Bilan

En France, le retour à trois opérateurs inquiète

Un retour à trois opérateurs de téléphonie mobile, qui découlerait de la fusion Bouygues-SFR, "peut inquiéter le consommateur".

Une fusion Bouygues-SFR déboucherait sur un retour à 3 opérateurs, contre 4 actuellement avec Orange, Bouygues, SFR et Free.

Crédits: Reuters / AFP

Un retour à trois opérateurs de téléphonie mobile, qui découlerait de l'offre faite par Bouygues sur SFR, "peut inquiéter le consommateur" car elle pose des risques de hausse des prix et pour la qualité de service, a estimé dimanche l'association de consommateurs UFC Que Choisir.

"Passer de quatre à trois opérateurs est quelque chose qui peut nous inquiéter si des garanties ne sont pas mises en oeuvre", a indiqué Alain Bazot, président de l'UFC Que Choisir à l'AFP.

L'opérateur Bouygues Telecom, qui a déposé mercredi une offre de prise de contrôle majoritaire sur SFR, a indiqué dimanche qu'il était prêt à céder l'intégralité de son réseau mobile et certaines fréquences à son concurrent Free afin d'augmenter ses chances d'obtenir un feu vert de l'Autorité de la concurrence. Une fusion Bouygues-SFR déboucherait sur un retour à 3 opérateurs, contre 4 actuellement avec Orange, Bouygues, SFR et Free.

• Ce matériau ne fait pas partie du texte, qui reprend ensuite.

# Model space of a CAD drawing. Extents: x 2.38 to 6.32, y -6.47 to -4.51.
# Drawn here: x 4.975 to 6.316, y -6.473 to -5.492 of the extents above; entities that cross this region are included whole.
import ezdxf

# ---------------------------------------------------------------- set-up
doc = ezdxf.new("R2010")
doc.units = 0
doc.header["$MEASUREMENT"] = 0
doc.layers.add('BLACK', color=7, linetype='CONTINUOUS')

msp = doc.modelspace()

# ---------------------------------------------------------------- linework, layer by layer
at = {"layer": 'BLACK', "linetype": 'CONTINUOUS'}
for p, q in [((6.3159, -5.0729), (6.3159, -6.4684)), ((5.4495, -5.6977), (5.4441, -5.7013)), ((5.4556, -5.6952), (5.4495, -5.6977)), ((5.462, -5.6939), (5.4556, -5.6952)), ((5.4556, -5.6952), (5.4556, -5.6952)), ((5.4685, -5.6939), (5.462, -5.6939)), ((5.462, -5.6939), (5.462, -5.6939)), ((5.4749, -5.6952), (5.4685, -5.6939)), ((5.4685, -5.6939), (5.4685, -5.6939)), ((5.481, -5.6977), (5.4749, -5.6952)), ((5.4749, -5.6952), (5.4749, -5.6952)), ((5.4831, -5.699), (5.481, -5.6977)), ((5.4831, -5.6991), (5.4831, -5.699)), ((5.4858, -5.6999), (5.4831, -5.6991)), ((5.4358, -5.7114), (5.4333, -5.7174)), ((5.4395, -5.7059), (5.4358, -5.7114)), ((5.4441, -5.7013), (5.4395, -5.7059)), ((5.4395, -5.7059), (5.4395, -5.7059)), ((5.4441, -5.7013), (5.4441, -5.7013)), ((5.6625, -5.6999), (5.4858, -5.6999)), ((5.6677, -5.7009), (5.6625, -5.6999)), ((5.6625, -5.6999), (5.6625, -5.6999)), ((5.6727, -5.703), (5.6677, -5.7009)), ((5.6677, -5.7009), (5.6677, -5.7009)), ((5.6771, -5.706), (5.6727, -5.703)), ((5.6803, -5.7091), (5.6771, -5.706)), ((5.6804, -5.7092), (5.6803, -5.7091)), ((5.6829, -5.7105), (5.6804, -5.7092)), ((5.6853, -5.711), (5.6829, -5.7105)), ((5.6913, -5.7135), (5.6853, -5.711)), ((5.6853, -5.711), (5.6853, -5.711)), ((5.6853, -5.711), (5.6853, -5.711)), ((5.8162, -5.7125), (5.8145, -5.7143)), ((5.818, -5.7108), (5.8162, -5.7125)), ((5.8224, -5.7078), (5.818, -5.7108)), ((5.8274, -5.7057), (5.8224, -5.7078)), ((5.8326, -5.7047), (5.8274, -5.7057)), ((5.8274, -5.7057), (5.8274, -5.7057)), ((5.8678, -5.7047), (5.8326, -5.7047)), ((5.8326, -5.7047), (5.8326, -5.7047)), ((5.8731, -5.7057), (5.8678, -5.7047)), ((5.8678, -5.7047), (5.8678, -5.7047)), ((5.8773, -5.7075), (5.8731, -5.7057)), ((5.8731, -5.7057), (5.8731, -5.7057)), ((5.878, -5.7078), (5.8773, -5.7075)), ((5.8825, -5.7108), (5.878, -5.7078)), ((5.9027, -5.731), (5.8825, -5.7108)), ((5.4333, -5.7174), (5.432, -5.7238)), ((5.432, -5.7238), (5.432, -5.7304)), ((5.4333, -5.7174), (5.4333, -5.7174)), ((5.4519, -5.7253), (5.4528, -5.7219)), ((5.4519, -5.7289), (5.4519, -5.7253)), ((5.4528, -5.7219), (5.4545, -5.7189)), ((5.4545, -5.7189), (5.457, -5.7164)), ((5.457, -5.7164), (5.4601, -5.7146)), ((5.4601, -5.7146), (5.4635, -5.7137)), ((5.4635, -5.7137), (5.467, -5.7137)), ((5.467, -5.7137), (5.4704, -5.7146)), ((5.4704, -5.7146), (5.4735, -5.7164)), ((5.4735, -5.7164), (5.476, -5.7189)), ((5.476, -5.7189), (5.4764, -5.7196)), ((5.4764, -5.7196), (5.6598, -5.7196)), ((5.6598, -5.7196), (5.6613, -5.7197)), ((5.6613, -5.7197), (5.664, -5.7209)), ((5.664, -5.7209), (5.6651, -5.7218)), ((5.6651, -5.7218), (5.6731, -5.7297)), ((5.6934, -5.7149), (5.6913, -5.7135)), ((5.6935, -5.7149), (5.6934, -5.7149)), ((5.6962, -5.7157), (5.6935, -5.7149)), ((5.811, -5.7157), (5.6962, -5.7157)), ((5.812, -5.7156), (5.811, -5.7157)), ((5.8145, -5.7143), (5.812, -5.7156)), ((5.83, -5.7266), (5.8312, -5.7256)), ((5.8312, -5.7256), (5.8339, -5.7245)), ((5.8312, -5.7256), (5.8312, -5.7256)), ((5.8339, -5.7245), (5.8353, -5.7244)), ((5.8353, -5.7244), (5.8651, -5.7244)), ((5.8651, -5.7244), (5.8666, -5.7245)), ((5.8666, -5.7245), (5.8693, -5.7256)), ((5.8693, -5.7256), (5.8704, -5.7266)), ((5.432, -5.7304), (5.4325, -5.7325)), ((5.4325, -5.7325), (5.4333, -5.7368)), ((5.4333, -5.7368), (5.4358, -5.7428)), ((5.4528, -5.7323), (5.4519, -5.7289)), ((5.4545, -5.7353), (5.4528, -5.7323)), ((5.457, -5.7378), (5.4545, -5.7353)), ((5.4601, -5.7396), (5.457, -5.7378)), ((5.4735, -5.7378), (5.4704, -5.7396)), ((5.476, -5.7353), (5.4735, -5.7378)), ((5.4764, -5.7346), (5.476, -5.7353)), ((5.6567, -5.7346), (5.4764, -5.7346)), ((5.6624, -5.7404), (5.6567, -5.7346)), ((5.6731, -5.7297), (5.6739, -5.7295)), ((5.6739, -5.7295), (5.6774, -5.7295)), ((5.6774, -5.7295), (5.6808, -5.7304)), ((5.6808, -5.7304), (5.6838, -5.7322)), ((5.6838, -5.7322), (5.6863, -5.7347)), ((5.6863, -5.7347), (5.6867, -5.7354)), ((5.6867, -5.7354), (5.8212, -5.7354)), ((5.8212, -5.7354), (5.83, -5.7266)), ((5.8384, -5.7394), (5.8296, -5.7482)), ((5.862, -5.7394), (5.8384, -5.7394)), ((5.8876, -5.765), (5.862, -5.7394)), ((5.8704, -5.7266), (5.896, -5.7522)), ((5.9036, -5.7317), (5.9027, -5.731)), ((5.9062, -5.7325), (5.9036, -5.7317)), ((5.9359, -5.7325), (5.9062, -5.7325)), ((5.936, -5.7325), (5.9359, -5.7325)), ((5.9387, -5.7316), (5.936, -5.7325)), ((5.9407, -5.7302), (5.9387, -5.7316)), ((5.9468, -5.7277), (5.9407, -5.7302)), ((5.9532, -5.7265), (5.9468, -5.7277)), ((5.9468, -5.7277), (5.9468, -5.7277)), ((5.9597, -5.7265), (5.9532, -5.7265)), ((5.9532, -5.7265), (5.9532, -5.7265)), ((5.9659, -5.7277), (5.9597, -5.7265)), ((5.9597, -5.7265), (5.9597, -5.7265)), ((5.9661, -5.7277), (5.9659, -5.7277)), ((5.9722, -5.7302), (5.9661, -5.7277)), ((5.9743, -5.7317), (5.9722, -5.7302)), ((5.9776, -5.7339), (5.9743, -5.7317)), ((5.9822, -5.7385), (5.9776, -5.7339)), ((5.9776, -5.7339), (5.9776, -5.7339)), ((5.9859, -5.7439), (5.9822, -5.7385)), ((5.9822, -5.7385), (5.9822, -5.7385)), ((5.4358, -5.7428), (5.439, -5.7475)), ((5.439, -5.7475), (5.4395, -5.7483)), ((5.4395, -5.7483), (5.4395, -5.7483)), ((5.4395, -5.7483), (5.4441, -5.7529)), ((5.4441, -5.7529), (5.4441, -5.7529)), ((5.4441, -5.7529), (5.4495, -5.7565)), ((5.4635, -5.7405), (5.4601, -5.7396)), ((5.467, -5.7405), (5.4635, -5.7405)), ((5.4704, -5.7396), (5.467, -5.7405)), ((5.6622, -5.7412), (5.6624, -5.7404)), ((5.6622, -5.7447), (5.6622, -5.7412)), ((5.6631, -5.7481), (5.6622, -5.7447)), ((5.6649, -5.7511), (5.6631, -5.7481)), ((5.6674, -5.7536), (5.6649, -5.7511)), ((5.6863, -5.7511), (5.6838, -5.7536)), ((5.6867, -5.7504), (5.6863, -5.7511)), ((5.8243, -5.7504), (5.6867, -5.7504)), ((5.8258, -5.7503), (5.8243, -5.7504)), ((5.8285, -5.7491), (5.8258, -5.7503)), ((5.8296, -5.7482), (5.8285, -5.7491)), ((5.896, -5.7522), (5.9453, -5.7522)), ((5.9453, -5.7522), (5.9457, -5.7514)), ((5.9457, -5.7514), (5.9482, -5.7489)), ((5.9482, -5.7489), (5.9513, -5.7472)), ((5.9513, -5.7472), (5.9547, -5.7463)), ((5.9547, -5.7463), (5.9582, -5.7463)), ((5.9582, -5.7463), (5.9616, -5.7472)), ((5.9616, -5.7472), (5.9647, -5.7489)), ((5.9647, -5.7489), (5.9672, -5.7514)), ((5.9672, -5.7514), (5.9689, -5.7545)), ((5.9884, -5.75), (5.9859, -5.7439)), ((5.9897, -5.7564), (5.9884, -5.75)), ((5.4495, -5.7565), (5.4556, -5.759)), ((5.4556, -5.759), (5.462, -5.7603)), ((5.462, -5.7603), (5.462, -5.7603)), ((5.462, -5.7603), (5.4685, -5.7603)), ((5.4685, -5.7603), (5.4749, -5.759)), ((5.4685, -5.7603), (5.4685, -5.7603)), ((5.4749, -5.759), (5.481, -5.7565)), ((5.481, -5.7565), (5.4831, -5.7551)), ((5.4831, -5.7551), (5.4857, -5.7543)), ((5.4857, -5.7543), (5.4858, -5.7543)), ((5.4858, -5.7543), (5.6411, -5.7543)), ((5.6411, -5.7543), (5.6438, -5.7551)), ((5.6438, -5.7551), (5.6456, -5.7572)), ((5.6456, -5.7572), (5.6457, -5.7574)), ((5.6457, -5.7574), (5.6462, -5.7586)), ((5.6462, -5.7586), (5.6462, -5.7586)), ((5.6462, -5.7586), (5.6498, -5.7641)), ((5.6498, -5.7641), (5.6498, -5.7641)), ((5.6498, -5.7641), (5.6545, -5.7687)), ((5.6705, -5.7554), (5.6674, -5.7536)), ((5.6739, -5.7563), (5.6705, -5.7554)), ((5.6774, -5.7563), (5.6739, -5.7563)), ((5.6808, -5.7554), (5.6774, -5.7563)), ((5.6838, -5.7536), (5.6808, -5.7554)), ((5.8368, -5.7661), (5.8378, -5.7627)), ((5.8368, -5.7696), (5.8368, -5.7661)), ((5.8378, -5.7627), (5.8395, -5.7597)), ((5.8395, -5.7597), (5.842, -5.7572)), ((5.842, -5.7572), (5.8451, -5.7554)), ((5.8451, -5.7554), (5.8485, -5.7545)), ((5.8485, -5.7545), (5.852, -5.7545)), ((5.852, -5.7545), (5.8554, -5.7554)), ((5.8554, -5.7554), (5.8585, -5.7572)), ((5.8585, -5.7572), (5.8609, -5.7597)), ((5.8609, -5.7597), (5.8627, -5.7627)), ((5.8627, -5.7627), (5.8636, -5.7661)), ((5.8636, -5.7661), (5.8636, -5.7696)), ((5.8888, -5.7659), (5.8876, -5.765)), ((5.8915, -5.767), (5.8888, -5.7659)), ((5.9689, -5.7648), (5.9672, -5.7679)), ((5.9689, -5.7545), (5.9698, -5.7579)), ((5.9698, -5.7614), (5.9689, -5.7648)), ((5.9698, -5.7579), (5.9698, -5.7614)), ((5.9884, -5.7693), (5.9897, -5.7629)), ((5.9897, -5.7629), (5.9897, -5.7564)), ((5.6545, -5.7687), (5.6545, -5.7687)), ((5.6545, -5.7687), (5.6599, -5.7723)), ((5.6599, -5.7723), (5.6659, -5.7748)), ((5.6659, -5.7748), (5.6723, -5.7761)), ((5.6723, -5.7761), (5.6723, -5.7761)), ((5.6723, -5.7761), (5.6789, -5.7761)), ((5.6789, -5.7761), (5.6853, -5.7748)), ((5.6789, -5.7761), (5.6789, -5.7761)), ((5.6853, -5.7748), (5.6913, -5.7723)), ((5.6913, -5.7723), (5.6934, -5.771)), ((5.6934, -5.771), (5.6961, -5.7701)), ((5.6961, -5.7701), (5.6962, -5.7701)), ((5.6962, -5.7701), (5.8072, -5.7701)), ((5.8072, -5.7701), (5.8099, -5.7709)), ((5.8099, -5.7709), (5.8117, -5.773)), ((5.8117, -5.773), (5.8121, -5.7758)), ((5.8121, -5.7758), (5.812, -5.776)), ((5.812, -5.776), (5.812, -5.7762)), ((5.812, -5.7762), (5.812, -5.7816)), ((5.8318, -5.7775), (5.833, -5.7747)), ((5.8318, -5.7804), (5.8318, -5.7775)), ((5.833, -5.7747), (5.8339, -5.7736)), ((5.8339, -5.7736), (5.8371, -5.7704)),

Si cette hypothèse se réalise "on va avoir d'un seul coup sur le seul réseau de SFR, tous les clients SFR plus ceux de Bouygues" et l'on peut se demander "quelle est la capacité d'absorption de ce réseau, il y a une question de mise en oeuvre et donc de qualité de service", a souligné le responsable.

D'autre part "on peut avoir la crainte que les prix n'augmentent, ce n'est pas une hypothèse farfelue c'est ce qu'ont connu les Autrichiens" quand leur marché est passé de 4 à 3 opérateurs, a-t-il noté.

M. Bazot a rappelé que "les clients en France ont beaucoup souffert de l'existence d'un cartel de trois opérateurs, qui avait réalisé une entente illicite" condamnée avec l'aide de l'UFC, et rappelé que l'arrivée de Free en janvier 2012 avait dynamisé la concurrence et fait baisser les prix.

Dans le cadre d'une recomposition à venir du marché français des télécoms, l'UFC va demander que les conditions de l'accès des opérateurs sans réseaux propres (MVNO), comme La Poste Mobile, au marché de gros soit revues afin de permettre une offre alternative aux opérateurs disposant de réseaux et dynamiser le marché, a-t-il précisé.

François Carlier, délégué général de la CLCV, voit dans cette possible recomposition du secteur "une solution risquée car avant il y avait trois opérateurs (...) ils ont été condamnés pour entente sur les prix, les prix étaient trop élevés. Et l'issue, cela a été une 4è licence qui a permis de faire baisser les prix".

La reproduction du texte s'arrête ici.